Abbattere l’Iva, passando dal 22% al 10% per incentivare l’acquisto dei preservativi da parte dei giovani. Ovvero ribassare il prezzo del condom al banco per fare in modo che tutti vengano invogliati ad usarlo.

È l’idea che il Movimento 5 Stelle sta discutendo in queste ore, tra gli iscritti al movimento sulla Piattaforma Rousseau. Già trasformata in una proposta di legge, che porta la firma del senatore grillino Gaspare Antonio Marinello, l’iniziativa avrebbe un costo che si aggira intorno ai 50 milioni di euro, se entrasse in vigore dal 2019.

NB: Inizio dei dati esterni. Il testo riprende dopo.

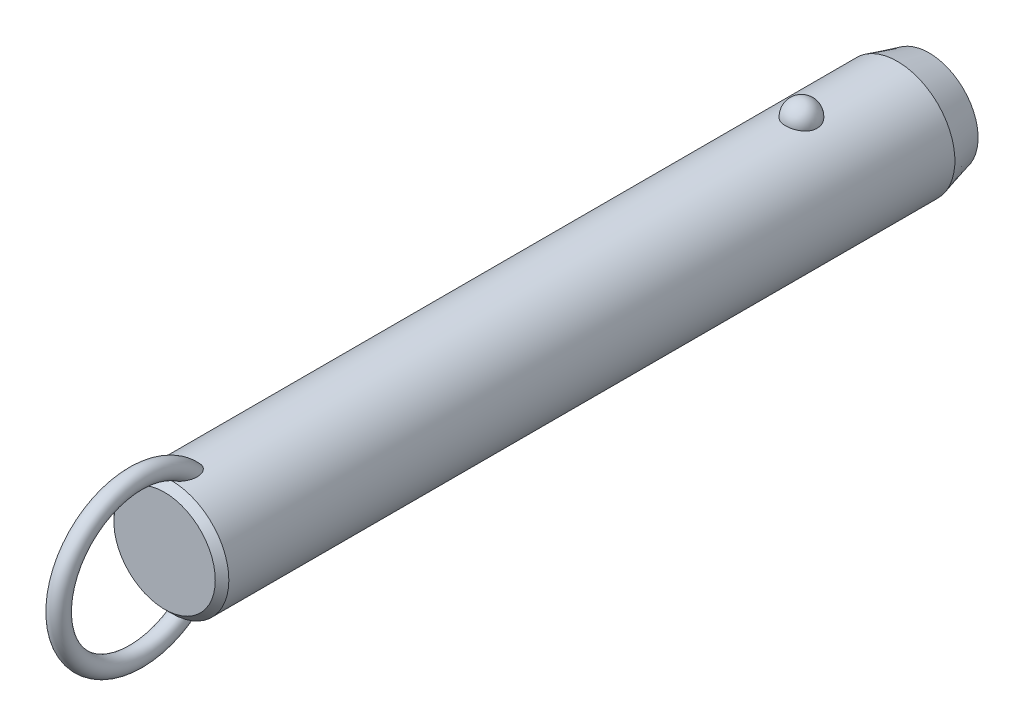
ISO-10303-21;
HEADER;
FILE_DESCRIPTION(('STEP AP214'),'2;1');
FILE_NAME('part.step','',(''),(''),'','','');
FILE_SCHEMA(('AUTOMOTIVE_DESIGN { 1 0 10303 214 1 1 1 1 }'));
ENDSEC;
DATA;
#1=APPLICATION_CONTEXT('core data for automotive mechanical design processes');
#2=APPLICATION_PROTOCOL_DEFINITION('international standard','automotive_design',2000,#1);
#3=PRODUCT_CONTEXT('',#1,'mechanical');
#4=PRODUCT('Part','Part','',(#3));
#5=PRODUCT_RELATED_PRODUCT_CATEGORY('part','',(#4));
#6=PRODUCT_DEFINITION_FORMATION('','',#4);
#7=PRODUCT_DEFINITION_CONTEXT('part definition',#1,'design');
#8=PRODUCT_DEFINITION('design','',#6,#7);
#9=PRODUCT_DEFINITION_SHAPE('','',#8);
#10=(LENGTH_UNIT() NAMED_UNIT(*) SI_UNIT(.MILLI.,.METRE.));
#11=(NAMED_UNIT(*) PLANE_ANGLE_UNIT() SI_UNIT($,.RADIAN.));
#12=(NAMED_UNIT(*) SI_UNIT($,.STERADIAN.) SOLID_ANGLE_UNIT());
#13=UNCERTAINTY_MEASURE_WITH_UNIT(LENGTH_MEASURE(1.E-05),#10,'distance_accuracy_value','');
#14=(GEOMETRIC_REPRESENTATION_CONTEXT(3) GLOBAL_UNCERTAINTY_ASSIGNED_CONTEXT((#13)) GLOBAL_UNIT_ASSIGNED_CONTEXT((#10,
#11,#12)) REPRESENTATION_CONTEXT('',''));
#15=CARTESIAN_POINT('',(0.,0.,0.));
#16=DIRECTION('',(0.,0.,1.));
#17=DIRECTION('',(1.,0.,0.));
#18=AXIS2_PLACEMENT_3D('',#15,#16,#17);
#19=CARTESIAN_POINT('',(0.,0.,124.5));
#20=DIRECTION('',(0.,0.,-1.));
#21=DIRECTION('',(-1.,0.,0.));
#22=AXIS2_PLACEMENT_3D('',#19,#20,#21);
#23=CYLINDRICAL_SURFACE('',#22,12.7);
#24=CARTESIAN_POINT('',(3.46661256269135,12.2177165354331,-3.5));
#25=CARTESIAN_POINT('',(3.4666090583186,12.2177194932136,-3.30432790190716));
#26=CARTESIAN_POINT('',(3.45063567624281,12.2222841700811,-3.10861112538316));
#27=CARTESIAN_POINT('',(3.38712451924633,12.2400345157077,-2.72271899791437));
#28=CARTESIAN_POINT('',(3.33957415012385,12.2532236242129,-2.53254588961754));
#29=CARTESIAN_POINT('',(3.2141234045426,12.286724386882,-2.16324948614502));
#30=CARTESIAN_POINT('',(3.13623639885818,12.3070329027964,-1.98412136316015));
#31=CARTESIAN_POINT('',(2.95205930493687,12.3525018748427,-1.64180592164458));
#32=CARTESIAN_POINT('',(2.84577003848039,12.3776621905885,-1.47861814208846));
#33=CARTESIAN_POINT('',(2.60688050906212,12.4301712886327,-1.17190583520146));
#34=CARTESIAN_POINT('',(2.47415697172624,12.4575299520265,-1.02847897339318));
#35=CARTESIAN_POINT('',(2.18615174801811,12.5112810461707,-0.766177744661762));
#36=CARTESIAN_POINT('',(2.03087002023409,12.5376734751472,-0.64730342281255));
#37=CARTESIAN_POINT('',(1.70237334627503,12.5864761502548,-0.437732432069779));
#38=CARTESIAN_POINT('',(1.52920948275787,12.6088972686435,-0.346958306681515));
#39=CARTESIAN_POINT('',(1.16944170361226,12.6473352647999,-0.195750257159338));
#40=CARTESIAN_POINT('',(0.982839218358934,12.663352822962,-0.135313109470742));
#41=CARTESIAN_POINT('',(0.604961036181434,12.6869706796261,-0.0473241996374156));
#42=CARTESIAN_POINT('',(0.41382314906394,12.6947125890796,-0.0192185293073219));
#43=CARTESIAN_POINT('',(0.0293827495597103,12.7014203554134,0.0051725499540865));
#44=CARTESIAN_POINT('',(-0.163919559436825,12.7003870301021,0.00146092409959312));
#45=CARTESIAN_POINT('',(-0.544374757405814,12.689735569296,-0.0373939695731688));
#46=CARTESIAN_POINT('',(-0.731575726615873,12.6802364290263,-0.0721015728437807));
#47=CARTESIAN_POINT('',(-1.09733277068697,12.6538333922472,-0.171364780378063));
#48=CARTESIAN_POINT('',(-1.27588869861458,12.6369293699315,-0.235920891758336));
#49=CARTESIAN_POINT('',(-1.6204698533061,12.5973946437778,-0.393548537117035));
#50=CARTESIAN_POINT('',(-1.78641865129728,12.5747321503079,-0.486778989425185));
#51=CARTESIAN_POINT('',(-2.10030671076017,12.5261316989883,-0.699110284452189));
#52=CARTESIAN_POINT('',(-2.24824419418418,12.5001934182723,-0.818213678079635));
#53=CARTESIAN_POINT('',(-2.52491489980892,12.4472906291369,-1.08157124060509));
#54=CARTESIAN_POINT('',(-2.65324222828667,12.4203160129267,-1.22624992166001));
#55=CARTESIAN_POINT('',(-2.88410007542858,12.3687509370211,-1.53528325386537));
#56=CARTESIAN_POINT('',(-2.98662883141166,12.3441606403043,-1.69963924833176));
#57=CARTESIAN_POINT('',(-3.16432417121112,12.2998199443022,-2.04548497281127));
#58=CARTESIAN_POINT('',(-3.23917525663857,12.2801261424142,-2.22714424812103));
#59=CARTESIAN_POINT('',(-3.35800573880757,12.248167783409,-2.6009138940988));
#60=CARTESIAN_POINT('',(-3.4019860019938,12.2359030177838,-2.79302397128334));
#61=CARTESIAN_POINT('',(-3.45784812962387,12.2202347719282,-3.18140279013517));
#62=CARTESIAN_POINT('',(-3.46986123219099,12.2167950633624,-3.37765118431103));
#63=CARTESIAN_POINT('',(-3.46186273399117,12.2190638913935,-3.76943689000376));
#64=CARTESIAN_POINT('',(-3.44185196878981,12.2247721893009,-3.96497421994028));
#65=CARTESIAN_POINT('',(-3.37048652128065,12.2446381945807,-4.34881728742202));
#66=CARTESIAN_POINT('',(-3.31928253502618,12.2587552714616,-4.53715319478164));
#67=CARTESIAN_POINT('',(-3.18693461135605,12.2938237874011,-4.90231727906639));
#68=CARTESIAN_POINT('',(-3.1057895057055,12.3147754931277,-5.07914500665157));
#69=CARTESIAN_POINT('',(-2.91506431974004,12.3613125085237,-5.41732059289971));
#70=CARTESIAN_POINT('',(-2.80533587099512,12.3869217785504,-5.57858147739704));
#71=CARTESIAN_POINT('',(-2.560414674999,12.4398525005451,-5.88013283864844));
#72=CARTESIAN_POINT('',(-2.42522099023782,12.4671740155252,-6.02042254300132));
#73=CARTESIAN_POINT('',(-2.1323357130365,12.5205965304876,-6.27662798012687));
#74=CARTESIAN_POINT('',(-1.97456596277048,12.5466928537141,-6.3924554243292));
#75=CARTESIAN_POINT('',(-1.64115839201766,12.5946384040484,-6.59583547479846));
#76=CARTESIAN_POINT('',(-1.46552179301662,12.6164879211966,-6.68339001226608));
#77=CARTESIAN_POINT('',(-1.10356050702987,12.6532533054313,-6.82682153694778));
#78=CARTESIAN_POINT('',(-0.9173913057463,12.6682500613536,-6.8830698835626));
#79=CARTESIAN_POINT('',(-0.537836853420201,12.6900288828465,-6.96386887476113));
#80=CARTESIAN_POINT('',(-0.344452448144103,12.6968119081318,-6.9884232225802));
#81=CARTESIAN_POINT('',(0.0402577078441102,12.7013667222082,-7.00496469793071));
#82=CARTESIAN_POINT('',(0.231556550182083,12.6993008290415,-6.99753844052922));
#83=CARTESIAN_POINT('',(0.610105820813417,12.6867505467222,-6.9516636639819));
#84=CARTESIAN_POINT('',(0.797356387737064,12.6762664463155,-6.913216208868));
#85=CARTESIAN_POINT('',(1.16186657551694,12.6480587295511,-6.80658431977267));
#86=CARTESIAN_POINT('',(1.33915951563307,12.6303611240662,-6.73850666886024));
#87=CARTESIAN_POINT('',(1.67968518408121,12.5896027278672,-6.5745087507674));
#88=CARTESIAN_POINT('',(1.84291705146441,12.5665416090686,-6.47858678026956));
#89=CARTESIAN_POINT('',(2.15340192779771,12.5171072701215,-6.25982455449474));
#90=CARTESIAN_POINT('',(2.30037831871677,12.4906895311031,-6.13660186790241));
#91=CARTESIAN_POINT('',(2.5717412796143,12.4376567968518,-5.86739587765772));
#92=CARTESIAN_POINT('',(2.69612388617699,12.4110417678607,-5.72140858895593));
#93=CARTESIAN_POINT('',(2.92107785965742,12.360051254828,-5.40794137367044));
#94=CARTESIAN_POINT('',(3.02121329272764,12.3357209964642,-5.24014110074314));
#95=CARTESIAN_POINT('',(3.19236291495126,12.2925446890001,-4.88969865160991));
#96=CARTESIAN_POINT('',(3.26338839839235,12.2736965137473,-4.70706226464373));
#97=CARTESIAN_POINT('',(3.36788038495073,12.245404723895,-4.35469510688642));
#98=CARTESIAN_POINT('',(3.40484026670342,12.2351018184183,-4.18605935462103));
#99=CARTESIAN_POINT('',(3.45420764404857,12.2212564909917,-3.84496058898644));
#100=CARTESIAN_POINT('',(3.46661565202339,12.2177139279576,-3.67249765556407));
#101=CARTESIAN_POINT('',(3.46661256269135,12.2177165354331,-3.5));
#102=B_SPLINE_CURVE_WITH_KNOTS('',3,(#24,#25,#26,#27,#28,#29,#30,#31,#32,#33,#34,#35,#36,#37,
#38,#39,#40,#41,#42,#43,#44,#45,#46,#47,#48,#49,#50,#51,#52,#53,#54,#55,#56,#57,#58,#59,#60,#61,
#62,#63,#64,#65,#66,#67,#68,#69,#70,#71,#72,#73,#74,#75,#76,#77,#78,#79,#80,#81,#82,#83,#84,#85,
#86,#87,#88,#89,#90,#91,#92,#93,#94,#95,#96,#97,#98,#99,#100,#101),.UNSPECIFIED.,.T.,.F.,(4,2,2,
2,2,2,2,2,2,2,2,2,2,2,2,2,2,2,2,2,2,2,2,2,2,2,2,2,2,2,2,2,2,2,2,2,2,2,4),(0.,0.586396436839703,
1.17302689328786,1.7593990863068,2.34575431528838,2.93491084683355,3.52406845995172,
4.11158733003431,4.69904375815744,5.2762784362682,5.85345931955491,6.42265312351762,
6.99185659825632,7.56427334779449,8.136746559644,8.71981013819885,9.3029135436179,
9.89247258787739,10.4820150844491,11.0691335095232,11.6562366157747,12.2405256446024,
12.8248374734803,13.412244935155,13.9996740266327,14.5891883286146,15.1786623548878,
15.7609861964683,16.3432419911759,16.9148635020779,17.4864654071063,18.0560241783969,
18.6256177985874,19.2037609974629,19.7820055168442,20.3699810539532,20.957728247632,
21.4746855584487,21.9916320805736),.UNSPECIFIED.);
#103=CARTESIAN_POINT('',(3.46661256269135,12.2177165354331,-3.5));
#104=VERTEX_POINT('',#103);
#105=EDGE_CURVE('E41',#104,#104,#102,.T.);
#106=ORIENTED_EDGE('',*,*,#105,.T.);
#107=EDGE_LOOP('',(#106));
#108=FACE_BOUND('',#107,.T.);
#109=CARTESIAN_POINT('',(0.,0.,135.7));
#110=DIRECTION('',(0.,0.,1.));
#111=DIRECTION('',(1.,0.,0.));
#112=AXIS2_PLACEMENT_3D('',#109,#110,#111);
#113=CIRCLE('',#112,12.7);
#114=CARTESIAN_POINT('',(12.7,0.,135.7));
#115=VERTEX_POINT('',#114);
#116=EDGE_CURVE('E10',#115,#115,#113,.F.);
#117=ORIENTED_EDGE('',*,*,#116,.T.);
#118=EDGE_LOOP('',(#117));
#119=FACE_BOUND('',#118,.T.);
#120=CARTESIAN_POINT('',(-0.548122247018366,-12.6881662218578,129.443218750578));
#121=CARTESIAN_POINT('',(-0.648865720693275,-12.6838128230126,129.477926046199));
#122=CARTESIAN_POINT('',(-0.746398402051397,-12.6783867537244,129.522042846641));
#123=CARTESIAN_POINT('',(-0.932125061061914,-12.666091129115,129.626764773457));
#124=CARTESIAN_POINT('',(-1.02030388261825,-12.6592192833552,129.687396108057));
#125=CARTESIAN_POINT('',(-1.18487740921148,-12.6448747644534,129.821847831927));
#126=CARTESIAN_POINT('',(-1.26134296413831,-12.637406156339,129.895582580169));
#127=CARTESIAN_POINT('',(-1.4023120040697,-12.6225412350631,130.053604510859));
#128=CARTESIAN_POINT('',(-1.466814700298,-12.6151449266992,130.13789238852));
#129=CARTESIAN_POINT('',(-1.60714786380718,-12.5981718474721,130.349657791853));
#130=CARTESIAN_POINT('',(-1.67725126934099,-12.588900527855,130.480962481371));
#131=CARTESIAN_POINT('',(-1.79536591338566,-12.5725964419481,130.753247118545));
#132=CARTESIAN_POINT('',(-1.84333535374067,-12.5655679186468,130.894244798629));
#133=CARTESIAN_POINT('',(-1.93422576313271,-12.5519624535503,131.237645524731));
#134=CARTESIAN_POINT('',(-1.96788773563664,-12.5466298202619,131.442557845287));
#135=CARTESIAN_POINT('',(-1.9941399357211,-12.542463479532,131.751760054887));
#136=CARTESIAN_POINT('',(-1.99883864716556,-12.5417153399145,131.855298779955));
#137=CARTESIAN_POINT('',(-2.00078003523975,-12.5414074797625,132.06245124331));
#138=CARTESIAN_POINT('',(-1.99802449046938,-12.5418474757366,132.166064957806));
#139=CARTESIAN_POINT('',(-1.98336733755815,-12.5441750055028,132.41032076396));
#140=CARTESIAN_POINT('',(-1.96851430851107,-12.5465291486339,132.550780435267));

L’idea dell’Iva agevolata sui preservativi, materia che entra per la prima volta tra le priorità di un partito, nasce dai dati: prezzi dei preservativi ancora troppo alti, a fronte di un aumento esponenziale delle infezioni sessualmente trasmesse.

Nella top ten dei mali del millennio legati al sesso non protetto ci sono  candida vaginale, clamidia, herpes genitale, Hiv e Aids, papillomavirus umano, trichomonas vaginalis, pediculosi del pube e la sifilide che si pensava abbattuta da decenni. E i più esposti sono proprio loro, i giovani tra 15 e i 24 anni, che, un po’ perché a scuola e in famiglia nessuno ha insegnato loro come e cosa fare, un po’ per troppa spavalderia, trascurano la prevenzione.  L’emergenza sanitaria invece c’è, perché i giovani, così attenti a preoccuparsi di una eventuale gravidanza indesiderata, trascurano invece l’aspetto più drammatico del sesso libero: la possibilità di contrarre non una ma decine di più o meno gravi patologie. E così confondono contraccezione e prevenzione, effetti della pillola e del preservativo (un errore che commettono 18 ragazzi su 100), buttando tutto nel calderone dei “rischi”. Basterebbe invece bombardarli con un messaggio chiave di poche parole: un solo preservativo, correttamente utilizzato, protegge da tutto, malattie e  bebè che arrivano al momento sbagliato.

Ma forse, per rilanciare il messaggio, non basterà ridurre l’va, nemmeno la si potesse azzerare.